Mais, ce n'est pas ce pas mon propos. Ce que j'ai voulu dire ici, tenait plus de la remarque sur le temps qui passe, le monde et les gens qui changent et les moeurs qui évoluent...

Septularisen

avatar 19/11/2020 @ 13:47:15
Oui, et la question est vite réglée, à cette époque il n'y avait pas de touristes, croyez moi !


Et encore... Oui!
Même remarque que juste au-dessus.

Fanou03
avatar 19/11/2020 @ 13:53:01
Ah incroyable j'ai retrouvé sur mon PC le documentaire "La Rose de Tirana" que j'évoquais plus haut avec un début sur l'invasion italienne et l'ambiance en Albanie à la fin des années 1930. C'est gros par contre (1,5 Go) donc c'est long à mettre sur un espace de stockage et long à télécharger pour ceux qui n'ont pas la fibre je pense.

Si cela intéresse quelqu'un je peux essayer de voir pour couper le documentaire et ne mettre quelque part à disposition que le début qui porte sur l'invasion italienne et l'Albanie au temps roi Zog 1er (après c'est l'histoire de la famille royale en exil, c'est très "people" quoique pas inintéressant si mes souvenirs sont bons).

Tistou 19/11/2020 @ 14:49:02


Il faut faire la nuance entre 'touriste' et 'étranger'.... Ca n'est pas la même chose. Du moins, de mon point de vue.



Euh... Oui. Après a moins de faire du tourisme dans son propre pays, généralement les touristes sont des étrangers...

Mais, ce n'est pas ce pas mon propos. Ce que j'ai voulu dire ici, tenait plus de la remarque sur le temps qui passe, le monde et les gens qui changent et les moeurs qui évoluent...

Généralement les touristes sont des étrangers, certes. Mais tous les étrangers ne sont pas touristes. Il y a ceux qui travaillent sur place (détachés par leurs sociétés, les fonctionnaires des Affaires Etrangères), les hommes d'affaires, ... Ceux-là ne sont pas des touristes et se retrouvent généralement dans la capitale et les quelques gros centres urbains.

Pieronnelle

avatar 20/11/2020 @ 14:42:56
Bon je suis arrivée au Véme chapitre. Le moins qu'on puisse dire c'est qu'il s'agit d'une situation bien étrange, tous ces morts à désenterer c'est bien macabre. Ce général est particulier également, ses reflexions sont compréhensibles compte tenu des circonstances et au début on le pense assez froid et sans émotion ; mais en fait il est plus complexe que ça.
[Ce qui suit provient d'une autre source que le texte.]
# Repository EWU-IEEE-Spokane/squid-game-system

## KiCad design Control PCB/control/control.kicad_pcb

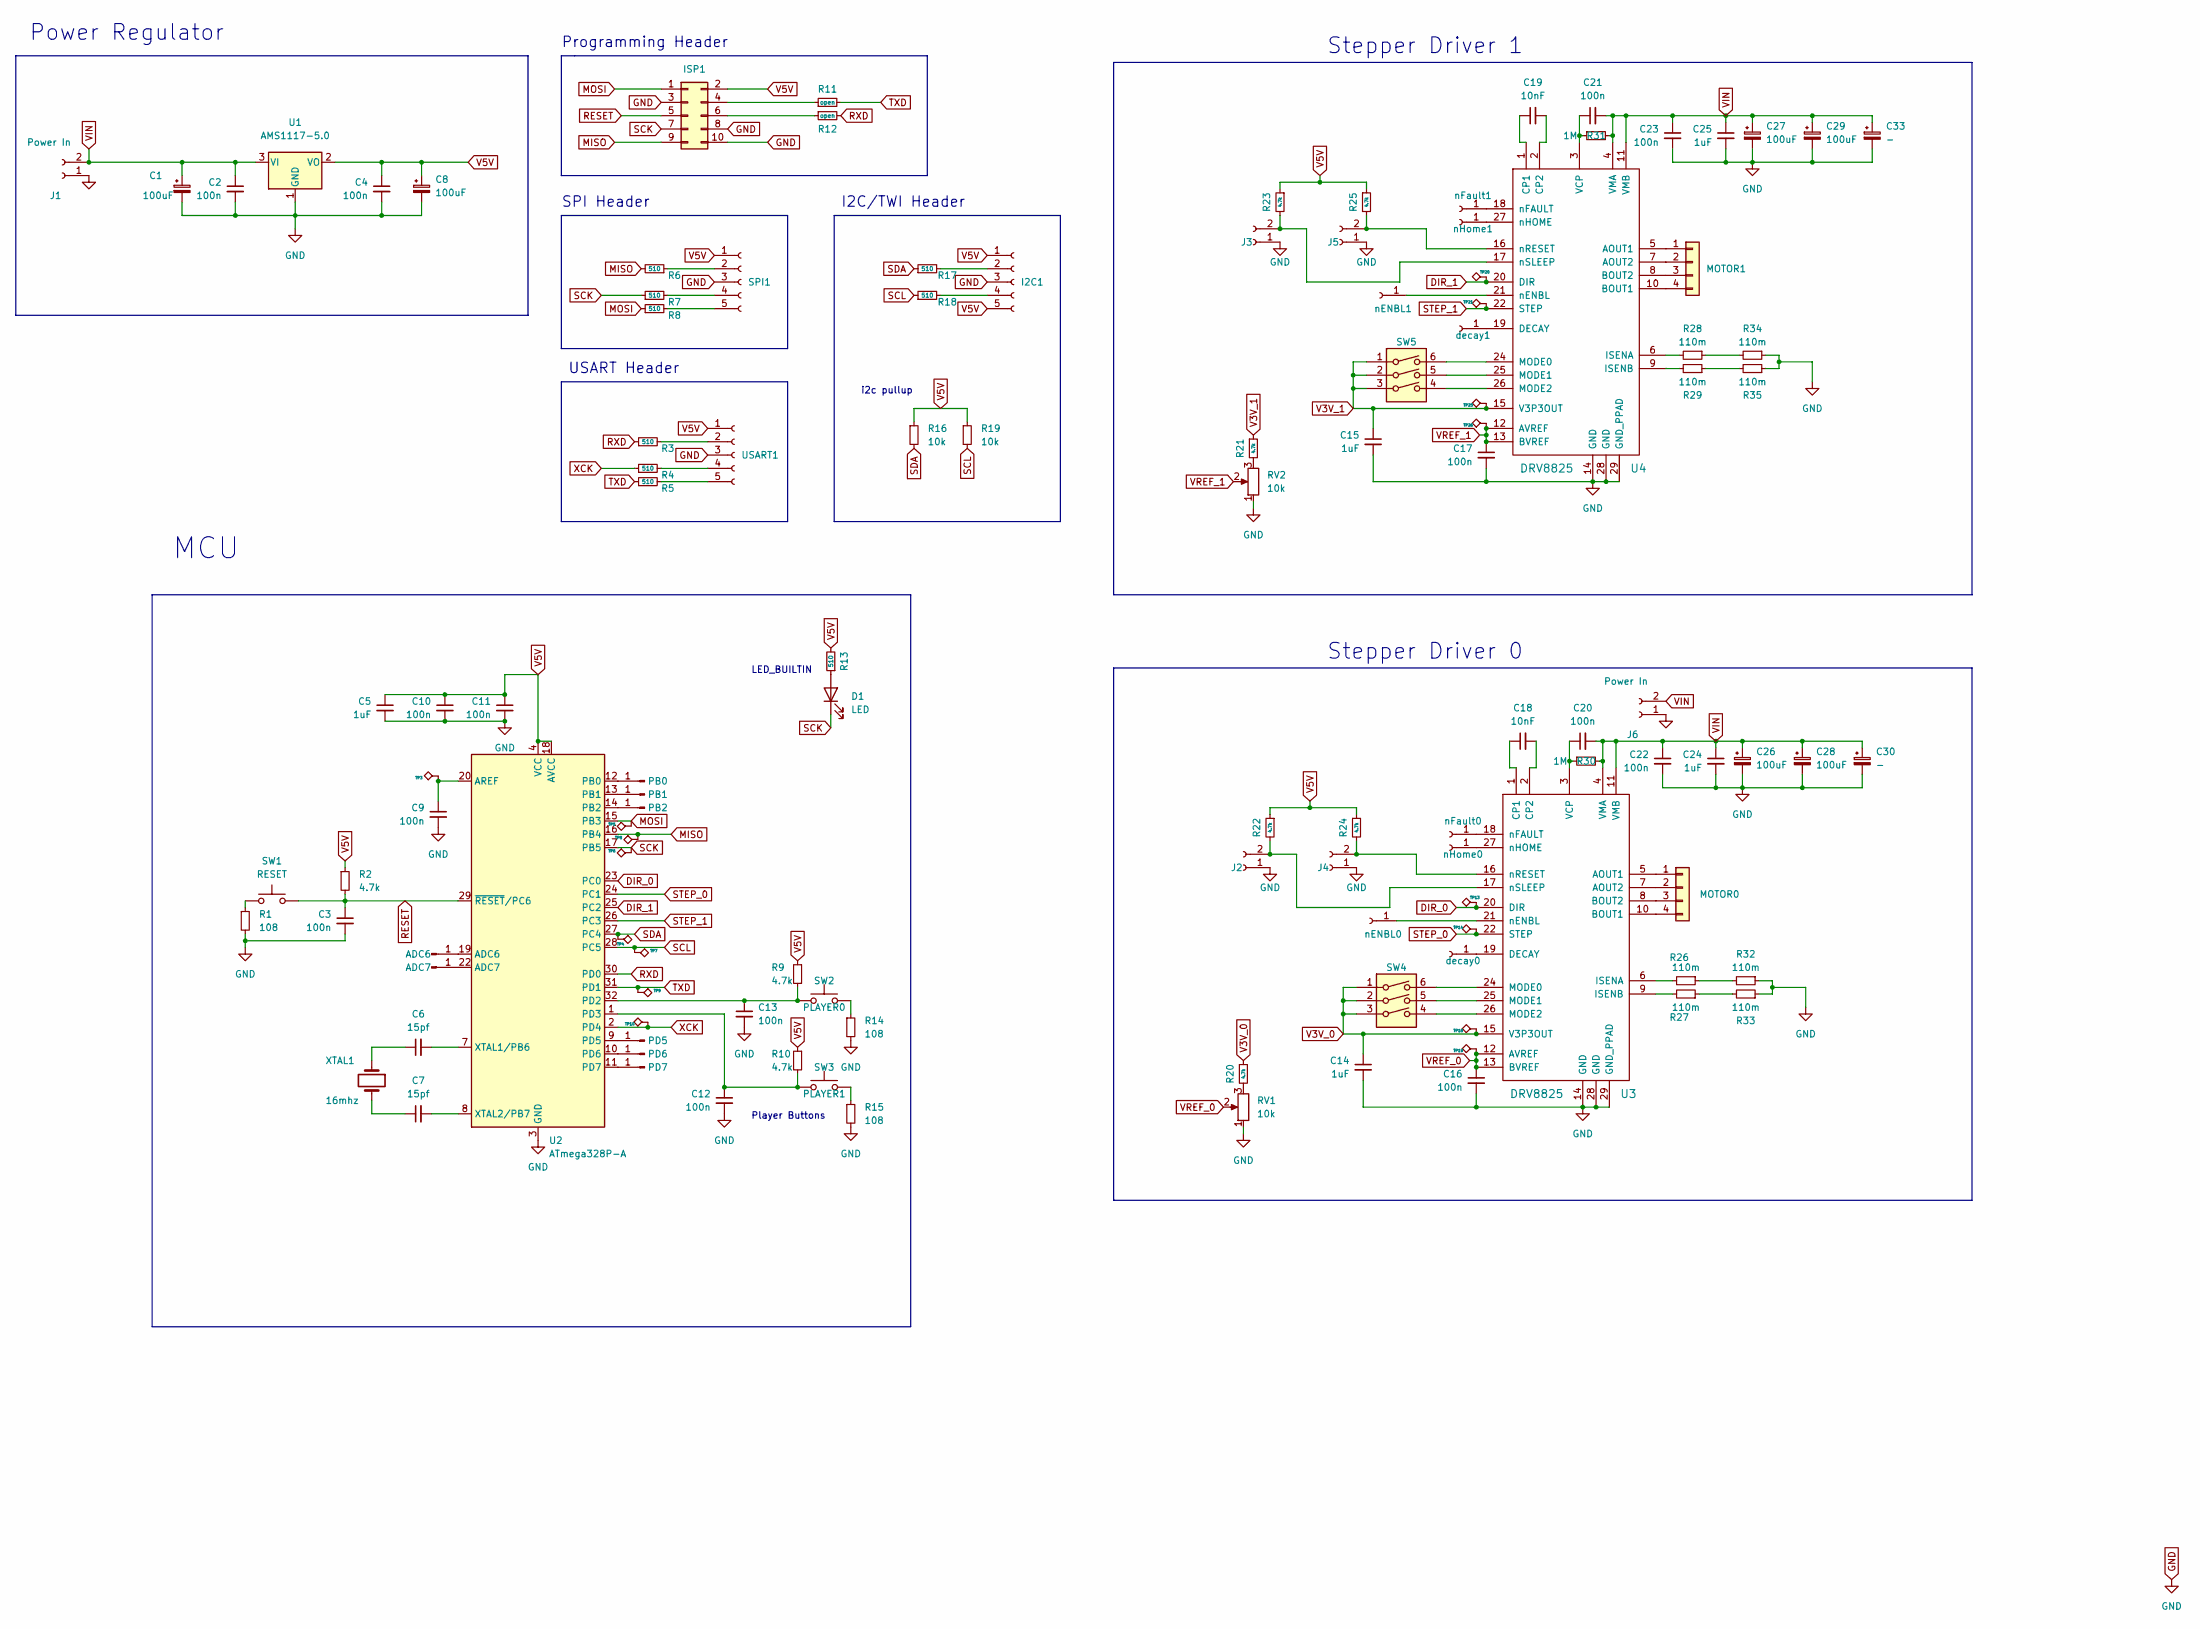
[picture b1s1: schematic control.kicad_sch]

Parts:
ADC6, ADC7: -; PinHeader_1x01_P2.54mm_Vertical
C1, C8, C26, C27, C28, C29: 100uF; CP_Radial_D10.0mm_P5.00mm
C2, C3, C4, C9, C10, C11, C12, C13, C16, C17, C20, C21, C22, C23: 100n; C_0805_2012Metric
C5, C14, C15, C24, C25: 1uF; C_0805_2012Metric
C6, C7: 15pf; C_0805_2012Metric
C18, C19: 10nF; R_0805_2012Metric_Pad1.20x1.40mm_HandSolder
C30, C33: -; CP_Radial_D10.0mm_P5.00mm
D1: LED; LED_D5.0mm
I2C1: -; PinHeader_1x05_P2.54mm_Vertical
ISP1: ISP; PinHeader_2x05_P2.54mm_Vertical
J1, J6: Power In; PinHeader_1x02_P2.54mm_Vertical
J2, J3, J4, J5: RST; PinHeader_1x02_P2.54mm_Vertical
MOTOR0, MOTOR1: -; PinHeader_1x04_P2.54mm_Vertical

Plus on avance et on le sent plus touché . Tout se déclanche par le dialogue avec le prêtre personnage antipathique et glacial,. Au debut de ce dialogue on a le sentiment d'assister à une pièce de théâtre conventionnelle voire assez fade avec des dialogues sans intérêt , impression bien sûr confortée par la reflexion même du Général...
"savez-vous, dit-il, j'ai remarqué que les propos que nous échangeons depuis trois jours rappellent étrangement les dialogues de certaines pièces de théâtre modernes, au reste bien ennuyeuses"
On comprend mieux alors les intentions de l'auteur...l'alcool aidant le Géneral va pousser ce prêtre dans ses retranchements. Bizarre par contre ce soupçon concernant le prêtre et la jolie veuve... Mais il est clair que le géneral a besoin de se distancer de cette opération macabre et je le trouve assez touchant dans ce désir de se faire une carapace. Beaucoup de reflexions interessantes dans la poursuite de ce dialogue non désiré pourtant par le prêtre qui, pour le moment, ne fait pas preuve de beaucoup d'humanité, et laisse même voir sa haine et son rejet de ce peuple albanais...
J'ai beaucoup aimé lorsque le général retourne dans sa chambre et se rappelle de tous ces pauvres gens venus lui demander de rechercher ou prendre soin de leurs morts ; quelle épreuve que cette mission !

Pieronnelle

avatar 20/11/2020 @ 15:01:20
Quelqu'un peut-il me dire ce qu'il comprend exactement dans la phrase :
"Parce que nous avons la même patrie que ces malheureux"...Quelle patrie?

SpaceCadet

avatar 20/11/2020 @ 17:22:52
Quelqu'un peut-il me dire ce qu'il comprend exactement dans la phrase :
"Parce que nous avons la même patrie que ces malheureux"...Quelle patrie?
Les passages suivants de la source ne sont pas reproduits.